»»

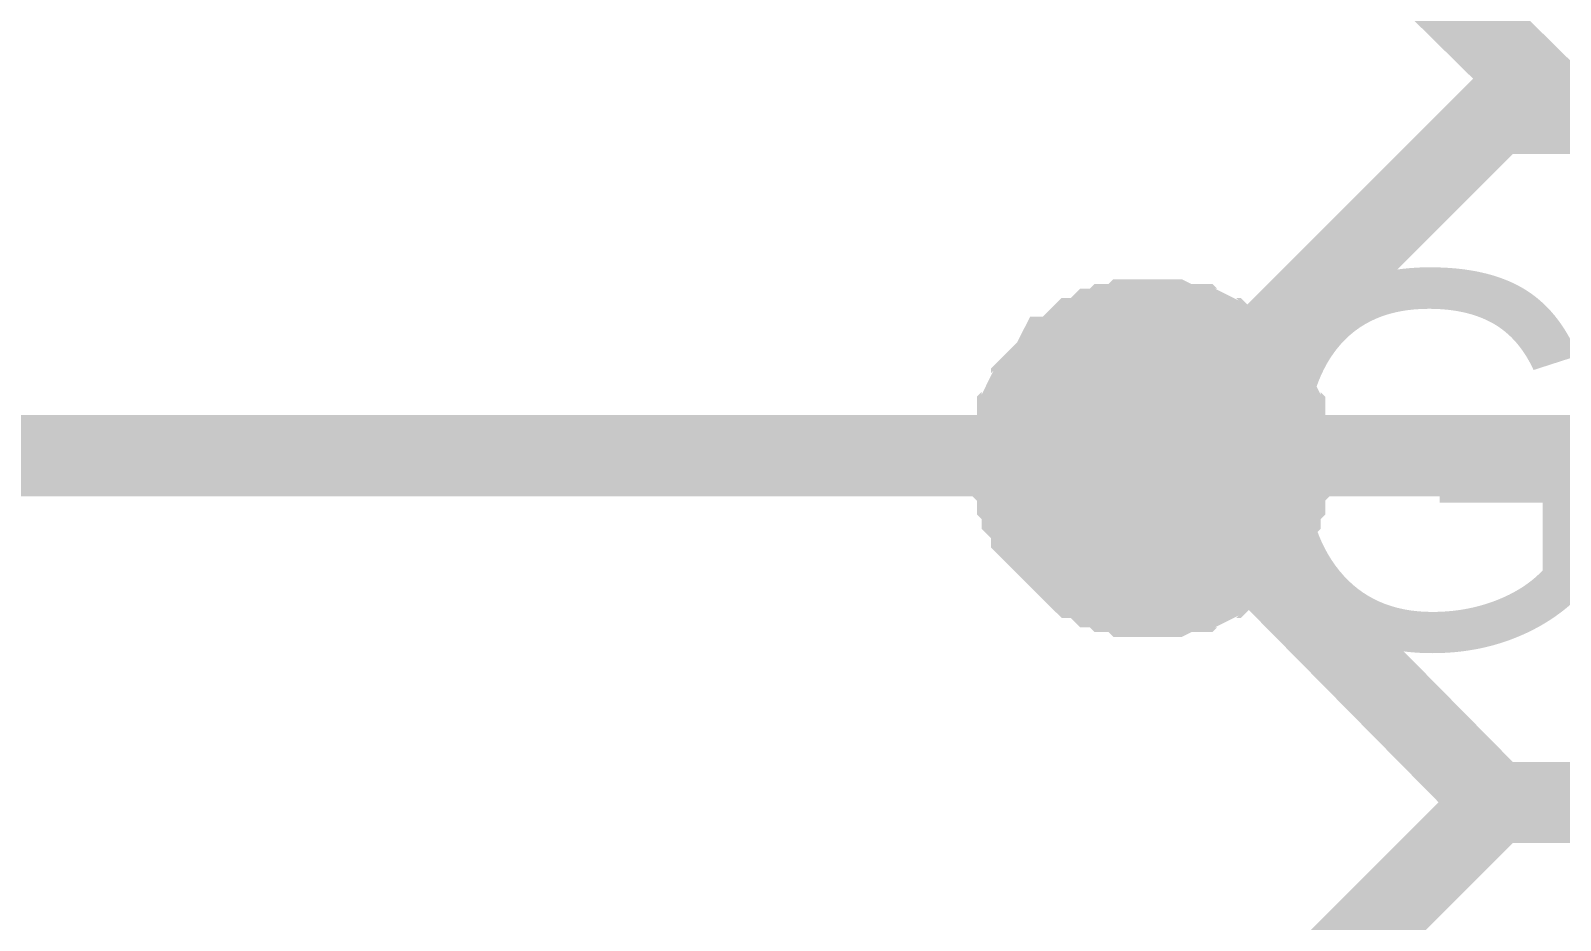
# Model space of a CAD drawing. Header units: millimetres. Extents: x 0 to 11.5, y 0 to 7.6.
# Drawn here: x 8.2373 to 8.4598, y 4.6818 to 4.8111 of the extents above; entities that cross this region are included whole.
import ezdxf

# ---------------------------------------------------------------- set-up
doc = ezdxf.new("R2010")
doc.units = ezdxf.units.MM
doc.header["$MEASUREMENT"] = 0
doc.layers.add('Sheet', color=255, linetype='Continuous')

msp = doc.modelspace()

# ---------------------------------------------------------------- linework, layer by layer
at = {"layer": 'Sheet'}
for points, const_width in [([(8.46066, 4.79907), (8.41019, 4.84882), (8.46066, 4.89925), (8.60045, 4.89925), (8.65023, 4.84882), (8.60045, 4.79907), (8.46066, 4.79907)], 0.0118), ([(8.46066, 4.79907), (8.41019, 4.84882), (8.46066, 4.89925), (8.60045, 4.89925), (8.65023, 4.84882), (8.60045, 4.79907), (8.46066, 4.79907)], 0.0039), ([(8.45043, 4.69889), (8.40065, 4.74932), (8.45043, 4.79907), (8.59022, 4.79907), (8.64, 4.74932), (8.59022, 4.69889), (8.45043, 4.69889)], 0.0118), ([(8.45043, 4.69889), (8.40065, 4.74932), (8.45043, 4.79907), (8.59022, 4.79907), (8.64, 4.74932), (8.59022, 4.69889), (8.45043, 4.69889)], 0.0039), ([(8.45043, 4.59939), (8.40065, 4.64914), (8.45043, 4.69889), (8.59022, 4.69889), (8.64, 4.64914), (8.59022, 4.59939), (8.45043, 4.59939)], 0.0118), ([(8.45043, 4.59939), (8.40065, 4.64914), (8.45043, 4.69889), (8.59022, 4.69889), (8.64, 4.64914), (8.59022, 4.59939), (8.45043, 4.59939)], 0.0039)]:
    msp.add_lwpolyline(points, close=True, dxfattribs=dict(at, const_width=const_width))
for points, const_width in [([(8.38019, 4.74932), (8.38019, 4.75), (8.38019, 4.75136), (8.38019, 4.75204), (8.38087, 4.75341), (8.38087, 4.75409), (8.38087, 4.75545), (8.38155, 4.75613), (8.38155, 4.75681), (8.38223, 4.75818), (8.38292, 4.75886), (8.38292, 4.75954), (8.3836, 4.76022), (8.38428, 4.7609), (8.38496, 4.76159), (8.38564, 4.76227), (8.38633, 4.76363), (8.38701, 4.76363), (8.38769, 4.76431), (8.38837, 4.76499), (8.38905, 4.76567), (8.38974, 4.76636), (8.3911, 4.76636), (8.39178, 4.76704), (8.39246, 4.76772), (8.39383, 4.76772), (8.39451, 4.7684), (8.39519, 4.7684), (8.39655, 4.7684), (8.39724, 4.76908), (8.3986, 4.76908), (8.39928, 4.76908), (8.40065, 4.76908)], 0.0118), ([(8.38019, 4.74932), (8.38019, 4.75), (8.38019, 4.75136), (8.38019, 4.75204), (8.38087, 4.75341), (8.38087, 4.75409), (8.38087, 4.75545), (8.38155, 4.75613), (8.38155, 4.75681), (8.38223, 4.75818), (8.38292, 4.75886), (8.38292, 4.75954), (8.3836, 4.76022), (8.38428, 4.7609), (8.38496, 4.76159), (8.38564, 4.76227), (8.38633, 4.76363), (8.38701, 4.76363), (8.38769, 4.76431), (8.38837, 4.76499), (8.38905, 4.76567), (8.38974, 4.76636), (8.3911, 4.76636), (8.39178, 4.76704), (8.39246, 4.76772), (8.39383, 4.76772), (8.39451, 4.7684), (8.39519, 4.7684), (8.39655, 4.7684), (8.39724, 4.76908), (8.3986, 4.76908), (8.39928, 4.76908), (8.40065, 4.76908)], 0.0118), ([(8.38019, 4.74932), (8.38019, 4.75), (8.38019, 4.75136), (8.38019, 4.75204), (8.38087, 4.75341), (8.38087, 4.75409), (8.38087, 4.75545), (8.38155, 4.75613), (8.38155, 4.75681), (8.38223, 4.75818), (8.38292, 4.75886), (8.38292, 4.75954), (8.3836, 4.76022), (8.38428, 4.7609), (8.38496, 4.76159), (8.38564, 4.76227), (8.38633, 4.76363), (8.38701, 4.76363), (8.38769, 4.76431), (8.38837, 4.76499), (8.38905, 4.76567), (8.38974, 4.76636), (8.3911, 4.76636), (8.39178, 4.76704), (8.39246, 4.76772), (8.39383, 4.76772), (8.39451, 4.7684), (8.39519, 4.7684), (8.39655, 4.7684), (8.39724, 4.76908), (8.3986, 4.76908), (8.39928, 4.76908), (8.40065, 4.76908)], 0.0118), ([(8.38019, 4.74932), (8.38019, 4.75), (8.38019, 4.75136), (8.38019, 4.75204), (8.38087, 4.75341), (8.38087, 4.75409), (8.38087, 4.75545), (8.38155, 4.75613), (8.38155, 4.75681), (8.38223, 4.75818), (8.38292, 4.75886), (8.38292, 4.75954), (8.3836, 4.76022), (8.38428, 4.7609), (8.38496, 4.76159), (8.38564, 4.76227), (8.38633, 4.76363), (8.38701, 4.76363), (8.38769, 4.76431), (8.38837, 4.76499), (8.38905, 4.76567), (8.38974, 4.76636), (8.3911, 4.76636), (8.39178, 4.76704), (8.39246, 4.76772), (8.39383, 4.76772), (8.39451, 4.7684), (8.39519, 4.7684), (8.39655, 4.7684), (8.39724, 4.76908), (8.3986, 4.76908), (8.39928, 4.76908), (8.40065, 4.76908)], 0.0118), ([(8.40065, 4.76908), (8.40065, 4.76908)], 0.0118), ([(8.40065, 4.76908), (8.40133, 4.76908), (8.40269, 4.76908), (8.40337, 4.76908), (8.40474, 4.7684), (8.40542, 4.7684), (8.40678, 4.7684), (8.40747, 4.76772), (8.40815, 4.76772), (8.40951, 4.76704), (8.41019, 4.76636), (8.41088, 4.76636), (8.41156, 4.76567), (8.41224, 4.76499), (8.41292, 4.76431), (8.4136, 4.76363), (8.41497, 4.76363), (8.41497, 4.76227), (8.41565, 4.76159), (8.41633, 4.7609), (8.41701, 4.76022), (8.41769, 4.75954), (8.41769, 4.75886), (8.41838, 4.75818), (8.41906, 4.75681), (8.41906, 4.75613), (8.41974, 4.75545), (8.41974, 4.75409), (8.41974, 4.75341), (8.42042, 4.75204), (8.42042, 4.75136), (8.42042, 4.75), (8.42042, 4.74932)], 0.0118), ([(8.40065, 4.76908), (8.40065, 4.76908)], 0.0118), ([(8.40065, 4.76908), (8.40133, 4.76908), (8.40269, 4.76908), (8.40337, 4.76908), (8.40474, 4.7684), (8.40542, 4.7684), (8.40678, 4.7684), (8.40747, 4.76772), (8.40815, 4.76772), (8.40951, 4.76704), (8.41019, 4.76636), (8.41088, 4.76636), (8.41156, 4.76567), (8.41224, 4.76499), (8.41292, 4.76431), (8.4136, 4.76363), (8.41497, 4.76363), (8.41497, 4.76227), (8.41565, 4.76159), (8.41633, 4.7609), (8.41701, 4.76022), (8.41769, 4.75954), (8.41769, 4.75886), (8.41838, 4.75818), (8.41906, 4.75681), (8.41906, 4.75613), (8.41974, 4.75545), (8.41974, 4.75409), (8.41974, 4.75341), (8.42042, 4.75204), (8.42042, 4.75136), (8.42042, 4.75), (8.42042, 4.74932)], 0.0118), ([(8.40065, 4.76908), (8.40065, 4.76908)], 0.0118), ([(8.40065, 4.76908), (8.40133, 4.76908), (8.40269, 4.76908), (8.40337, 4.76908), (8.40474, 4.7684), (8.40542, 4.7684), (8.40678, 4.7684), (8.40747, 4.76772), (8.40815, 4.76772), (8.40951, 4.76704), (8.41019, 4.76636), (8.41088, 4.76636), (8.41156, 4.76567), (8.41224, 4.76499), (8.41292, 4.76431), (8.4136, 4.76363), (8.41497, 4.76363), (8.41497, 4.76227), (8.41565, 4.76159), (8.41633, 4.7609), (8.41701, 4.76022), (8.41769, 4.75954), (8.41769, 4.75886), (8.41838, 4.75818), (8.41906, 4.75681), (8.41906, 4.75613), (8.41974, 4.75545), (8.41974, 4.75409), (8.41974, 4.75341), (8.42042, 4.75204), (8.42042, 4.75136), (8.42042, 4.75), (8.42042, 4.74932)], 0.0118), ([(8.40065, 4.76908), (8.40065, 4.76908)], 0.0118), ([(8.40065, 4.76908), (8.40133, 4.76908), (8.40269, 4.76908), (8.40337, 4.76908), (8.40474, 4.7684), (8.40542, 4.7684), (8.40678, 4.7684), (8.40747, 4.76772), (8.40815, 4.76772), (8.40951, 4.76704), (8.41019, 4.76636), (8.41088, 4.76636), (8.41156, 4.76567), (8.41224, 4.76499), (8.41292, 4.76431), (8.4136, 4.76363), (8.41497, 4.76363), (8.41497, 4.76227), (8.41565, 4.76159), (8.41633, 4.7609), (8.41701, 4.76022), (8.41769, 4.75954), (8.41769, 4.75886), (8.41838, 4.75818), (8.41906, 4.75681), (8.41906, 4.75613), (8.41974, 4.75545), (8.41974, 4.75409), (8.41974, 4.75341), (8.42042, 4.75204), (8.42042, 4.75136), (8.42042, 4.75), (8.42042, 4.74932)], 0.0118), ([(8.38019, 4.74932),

««

#### AIM OF THE TASK:
A single number is expected: the count of lines in the entries that carry the string "units".

#### TASK OUTPUT:
2